# Now I've heard everything...



## deserthorsewoman (Sep 13, 2011)

Well...it does ........the mouth of the rider....horse head cannot make contact with face/mouth of rider with martingale.....:twisted:


----------



## DancingArabian (Jul 15, 2011)

I think in certain circumstances it could. Would it help if a rider is very heavy handed or who uses the reins for balance? Instead of all their weight on the poor horses mouth, it would be somewhat deflected by the reins.

No evidence to support this. It's just a thought as to why someone would think so.
_Posted via Mobile Device_


----------



## palogal (May 30, 2008)

LOL I suppose that's true.
The ring makes a lever that multiplies the force on the bit. (edited because it sounded much snottier than I meant it  )


----------



## tinyliny (Oct 31, 2009)

DancingArabian said:


> I think in certain circumstances it could. Would it help if a rider is very heavy handed or who uses the reins for balance? Instead of all their weight on the poor horses mouth, it would be somewhat deflected by the reins.
> 
> No evidence to support this. It's just a thought as to why someone would think so.
> _Posted via Mobile Device_


deflects it off their mouth? how can pressure on the rein, thus onto the bit, be deflected off the mouth by a running martingale? pressure applied to the rein is pressure applied to the rein. you can change the angle that the pressure is applied, but the same amount would come through.

If the horse raises his head or the rider lifts the rein enough to engage the martingale, then some of the pull become downward pull, rather than straight back or upward. downward pull brings the bit more to bear onto the bars of the horse. Does that save the mouth? maybe takes pressure off the corners of the mouth, since pulling straight back does put pressure there.


----------



## Boo Walker (Jul 25, 2012)

me-thinks someone needs to take a physics class or two :think:


----------



## palogal (May 30, 2008)

Boo Walker said:


> me-thinks someone needs to take a physics class or two :think:


 
That was my response, masked with a cough to disguise my laughter. This is a trainer that does this....


----------



## DancingArabian (Jul 15, 2011)

tinyliny said:


> deflects it off their mouth? how can pressure on the rein, thus onto the bit, be deflected off the mouth by a running martingale? pressure applied to the rein is pressure applied to the rein. you can change the angle that the pressure is applied, but the same amount would come through.
> 
> If the horse raises his head or the rider lifts the rein enough to engage the martingale, then some of the pull become downward pull, rather than straight back or upward. downward pull brings the bit more to bear onto the bars of the horse. Does that save the mouth? maybe takes pressure off the corners of the mouth, since pulling straight back does put pressure there.


Bear in mind that I was just trying to figure out why someone would think this and I was NOT stating I believed it.
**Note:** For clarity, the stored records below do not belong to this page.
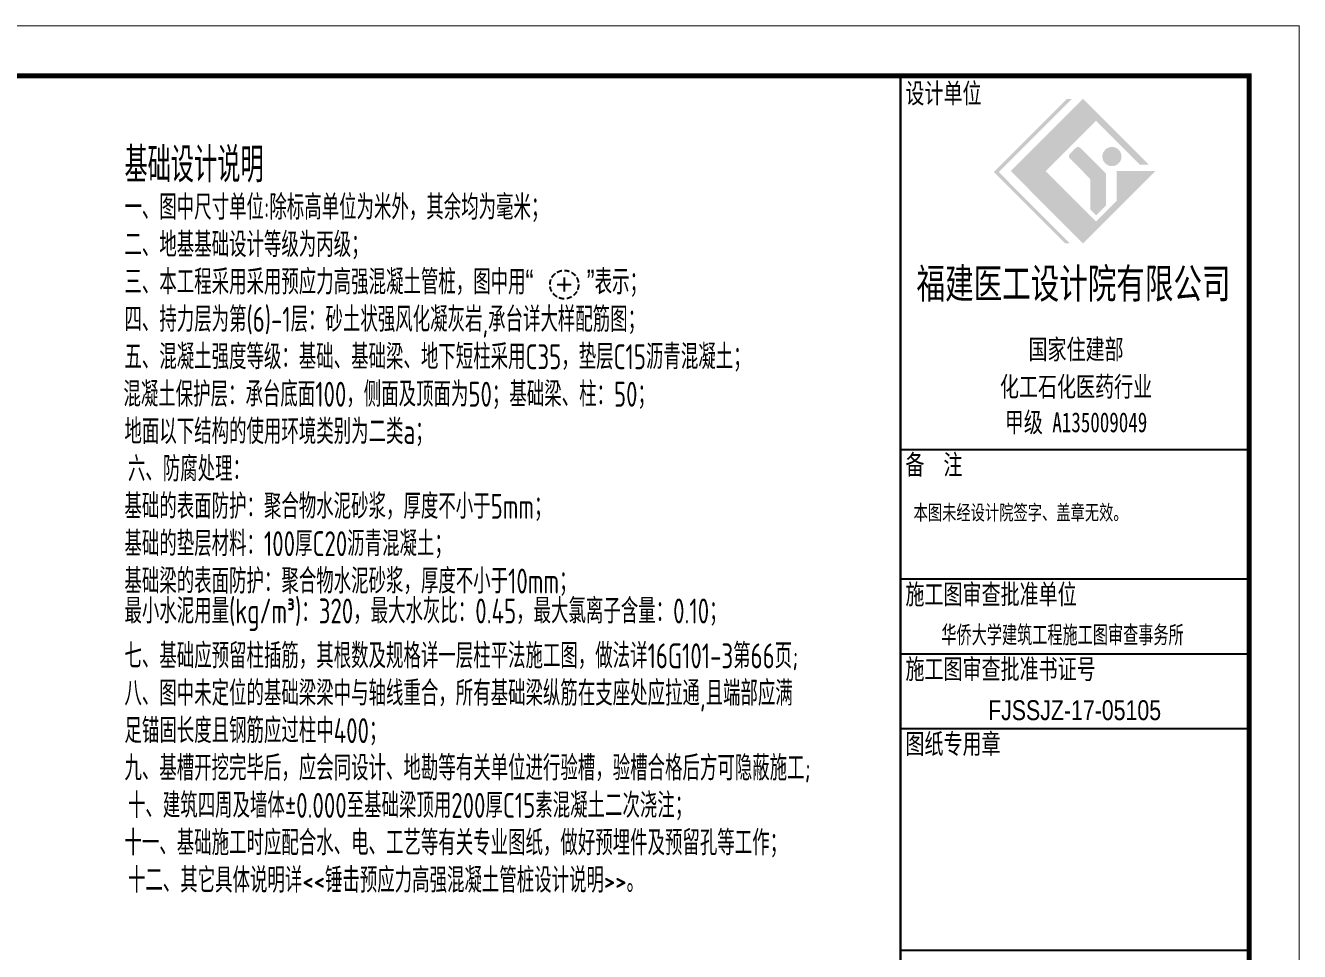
# Model space of a CAD drawing. Extents: x 287065 to 1473467, y 284802 to 344222.
# Drawn here: x 660385 to 685957, y 308245 to 326822 of the extents above; entities that cross this region are included whole.
import ezdxf
from ezdxf.enums import TextEntityAlignment as Align

# ---------------------------------------------------------------- set-up
doc = ezdxf.new("R2010")
doc.units = 0
doc.header["$LTSCALE"] = 1000
doc.linetypes.add('DASHED', pattern=[0.75, 0.5, -0.25])
for name, color, linetype in [('DIMENSION', 3, 'CONTINUOUS'), ('FRAME', 3, 'CONTINUOUS'), ('PILE_DASH', 9, 'DASHED'), ('TK', 211, 'CONTINUOUS'), ('审图中心证书', 7, 'CONTINUOUS')]:
    doc.layers.add(name, color=color, linetype=linetype)
doc.styles.add('_HZTXT', font='tq__rshz.shx', dxfattribs={"width": 0.8, "bigfont": 'tq__hzdc.shx'})
doc.styles.add('DXFS', font='txt.shx', dxfattribs={"width": 0.7, "bigfont": 'dxfs.shx'})
doc.styles.add('FRAME', font='simhei.ttf', dxfattribs={"width": 0.7})
doc.styles.add('TSSD_Dimension', font='tssdeng.shx', dxfattribs={"width": 0.7, "bigfont": 'hztxt.shx'})
doc.styles.add('黑体', font='simhei.ttf', dxfattribs={"width": 0.7})

# ---------------------------------------------------------------- blocks, each defined once
blk = doc.blocks.new('TK-A2+(1041X420)')
at = {"layer": 'FRAME'}
h = blk.add_hatch(color=256, dxfattribs=at)
h.paths.add_polyline_path([(628140, 346940), (629149, 347949), (630031, 347068), (630211, 347068), (628888, 348390), (627438, 346940), (628888, 345490), (630338, 346940), (629562, 346940), (629562, 346344), (629149, 345931)], flags=0)
edge = h.paths.add_edge_path(flags=0)
edge.add_arc((628966, 346752), 69.1, 0, 45, ccw=False)
edge.add_line((629036, 346752), (629036, 346169))
edge.add_line((629036, 346169), (629152, 346052))
edge.add_line((629152, 346052), (629351, 346251))
edge.add_line((629351, 346251), (629351, 346862))
edge.add_arc((629282, 346862), 69.1, 360, 405)
edge.add_line((629331, 346910), (628837, 347404))
edge.add_arc((628788, 347355), 69.1, 45, 135)
edge.add_line((628739, 347404), (628625, 347289))
edge.add_arc((628674, 347240), 69.1, 135, 225)
edge.add_line((628625, 347192), (629015, 346801))
edge = h.paths.add_edge_path(flags=0)
edge.add_arc((629468, 347233), 192, 0, 180)
edge.add_arc((629468, 347233), 192, 180, 360)
h.paths.add_polyline_path([(628529, 345490), (628627, 345490), (627195, 346922), (628664, 348390), (628566, 348390), (627097, 346922)], flags=0)
for p, q in [((632223, 341352), (625223, 341352)), ((632223, 338752), (625223, 338752)), ((632223, 337252), (625223, 337252)), ((632223, 335752), (625223, 335752)), ((632223, 331302), (625223, 331302))]:
    blk.add_line(p, q, dxfattribs=at)
for points in [[(529133, 349852, 20, 20, 0), (529133, 307852, 20, 20, 0), (633223, 307852, 20, 20, 0), (633223, 349852, 20, 20, 0)], [(531633, 348852, 100, 100, 0), (531633, 308852, 100, 100, 0), (632223, 308852, 100, 100, 0), (632223, 348852, 100, 100, 0)]]:
    blk.add_lwpolyline(points, format="xyseb", close=True, dxfattribs=at)
blk.add_lwpolyline([(625223, 348852, 50, 50, 0), (625223, 308852, 50, 50, 0)], format="xyseb", dxfattribs=at)
for s, insert, char_height, width, attachment_point, style in [('设计单位', (625323, 348702), 400, 2368.14, 1, 'FRAME'), ('福建医工设计院有限公司', (628697, 344653), 600, 9859.32, 5, 'FRAME'), ('国家住建部', (628747, 343343), 400, 2944.75, 5, 'FRAME'), ('化工石化医药行业', (628747, 342594), 400, 4781.36, 5, 'FRAME'), ('甲级 A135009049', (628747, 341880), 400, 4439.66, 5, 'FRAME'), ('备  注', (625323, 341252), 400, 1758.31, 1, 'FRAME'), ('本图未经设计院签字、盖章无效。', (625486, 339909), 300, 6524.24, 7, '黑体'), ('施工图审查批准单位', (625323, 338652), 400, 5412.54, 1, 'FRAME'), ('施工图审查批准书证号', (625323, 337152), 400, 6008.14, 1, 'FRAME'), ('图纸专用章', (625323, 335652), 400, 2928.14, 1, 'FRAME')]:
    blk.add_mtext(s, dxfattribs=dict(at, insert=insert, char_height=char_height, width=width, attachment_point=attachment_point, style=style))
at = {"layer": '审图中心证书', "style": '_HZTXT', "width": 0.8}
for s, p in [('华侨大学建筑工程施工图审查事务所', (626044, 337426)), ('FJSSJZ-17-05105', (626982, 335926))]:
    blk.add_text(s, height=400, dxfattribs=at).set_placement(p)

msp = doc.modelspace()

# ---------------------------------------------------------------- linework, layer by layer
at = {"layer": 'DIMENSION', "color": 4, "linetype": 'Continuous', "const_width": 42.857}
for points in [[(671199.137, 321480.824), (671199.137, 321766.538)], [(671056.28, 321623.681), (671341.995, 321623.681)]]:
    msp.add_lwpolyline(points, dxfattribs=at)
at = {"layer": 'PILE_DASH', "ltscale": 0.2}
msp.add_circle((671199.137, 321623.681), 285.714, dxfattribs=at)

# ---------------------------------------------------------------- block references
at = {"layer": 'TK'}
msp.add_blockref('TK-A2+(1041X420)', (52724.247, -23040.14), dxfattribs=at)

# ---------------------------------------------------------------- texts
at = {"layer": 'DIMENSION', "style": 'DXFS', "width": 0.7}
msp.add_text('基础设计说明', height=700, dxfattribs=at).set_placement((662371.422, 323675.721))
at = {"layer": 'DIMENSION', "linetype": 'Continuous', "style": 'TSSD_Dimension', "width": 0.7}
for s, p in [('一、图中尺寸单位:除标高单位为米外，其余均为毫米；', (662371.422, 322925.721)), ('二、地基基础设计等级为丙级；', (662371.422, 322175.721)), ('三、本工程采用采用预应力高强混凝土管桩，图中用“     ”表示；', (662371.422, 321425.721)), ('五、混凝土强度等级：基础、基础梁、地下短柱采用C35，垫层C15沥青混凝土；', (662371.422, 319925.721)), ('混凝土保护层：承台底面100，侧面及顶面为50；基础梁、柱：50；', (662350.587, 319173.95)), ('地面以下结构的使用环境类别为二类a；', (662371.422, 318425.721)), ('七、基础应预留柱插筋，其根数及规格详一层柱平法施工图，做法详16G101-3第66页;', (662371.422, 313925.721)), ('八、图中未定位的基础梁梁中与轴线重合，所有基础梁纵筋在支座处应拉通,且端部应满', (662371.422, 313175.721)), ('足锚固长度且钢筋应过柱中400；', (662371.422, 312425.721)), ('九、基槽开挖完毕后，应会同设计、地勘等有关单位进行验槽，验槽合格后方可隐蔽施工;', (662371.422, 311675.721)), ('十、建筑四周及墙体%%P0.000至基础梁顶用200厚C15素混凝土二次浇注；', (662441.248, 310925.721)), ('十一、基础施工时应配合水、电、工艺等有关专业图纸，做好预埋件及预留孔等工作；', (662371.422, 310175.721)), ('十二、其它具体说明详<<锤击预应力高强混凝土管桩设计说明>>。', (662441.248, 309425.721))]:
    msp.add_text(s, height=500, dxfattribs=at).set_placement(p)
at = {"layer": 'DIMENSION', "color": 6, "linetype": 'Continuous', "style": 'TSSD_Dimension', "width": 0.7}
for s, p in [('四、持力层为第(6)-1层：砂土状强风化凝灰岩,承台详大样配筋图；', (662371.422, 320675.721)), ('六、防腐处理：', (662441.248, 317675.721)), ('基础的表面防护：聚合物水泥砂浆，厚度不小于5mm；', (662371.422, 316925.721)), ('基础的垫层材料：100厚C20沥青混凝土；', (662371.422, 316175.721)), ('基础梁的表面防护：聚合物水泥砂浆，厚度不小于10mm；', (662371.422, 315425.721))]:
    msp.add_text(s, height=500, dxfattribs=at).set_placement(p)
msp.add_text('最小水泥用量(kg/m%%1403%%141)：320，最大水灰比：0.45，最大氯离子含量：0.10；', height=500, dxfattribs=at).set_placement((662371.422, 314675.721), align=Align.BOTTOM_LEFT)

doc.saveas('drawing.dxf')

If a rider is leaning on the reins, all their pressure is directly on the horse's mouth. If the reins are passing through the bit and to the girth, wouldn't some of that pressure on the mouth be lessened and distributed to the girth as well?
_Posted via Mobile Device_


----------



## natisha (Jan 11, 2011)

DancingArabian said:


> Bear in mind that I was just trying to figure out why someone would think this and I was NOT stating I believed it.
> 
> If a rider is leaning on the reins, all their pressure is directly on the horse's mouth. If the reins are passing through the bit and to the girth, wouldn't some of that pressure on the mouth be lessened and distributed to the girth as well?
> _Posted via Mobile Device_


No, the girth just holds the bottom of the martingale down. The reins go through rings & there should be no pressure unless the horse tosses or raises it's head past a certain point.
I will sometimes use a running martingale as it gives instant pressure & release. I adjust it pretty loose so a horse has to really be a head tosser before it comes into play & even then the rider still has a choice on how much pressure is applied.


----------



## stevenson (Sep 12, 2011)

i hope that the martingale is not attached to a bit with shanks..


----------



## palogal (May 30, 2008)

DancingArabian said:


> Bear in mind that I was just trying to figure out why someone would think this and I was NOT stating I believed it.
> 
> If a rider is leaning on the reins, all their pressure is directly on the horse's mouth. If the reins are passing through the bit and to the girth, wouldn't some of that pressure on the mouth be lessened and distributed to the girth as well?
> _Posted via Mobile Device_


 
Good thought but no, the rings of the martingale make the rein a lever with it's fulcrum being the ring of the martingale. The applied force of the rider's hand is multiplied by the ring to make a greater the product force- which is the force on the bit. 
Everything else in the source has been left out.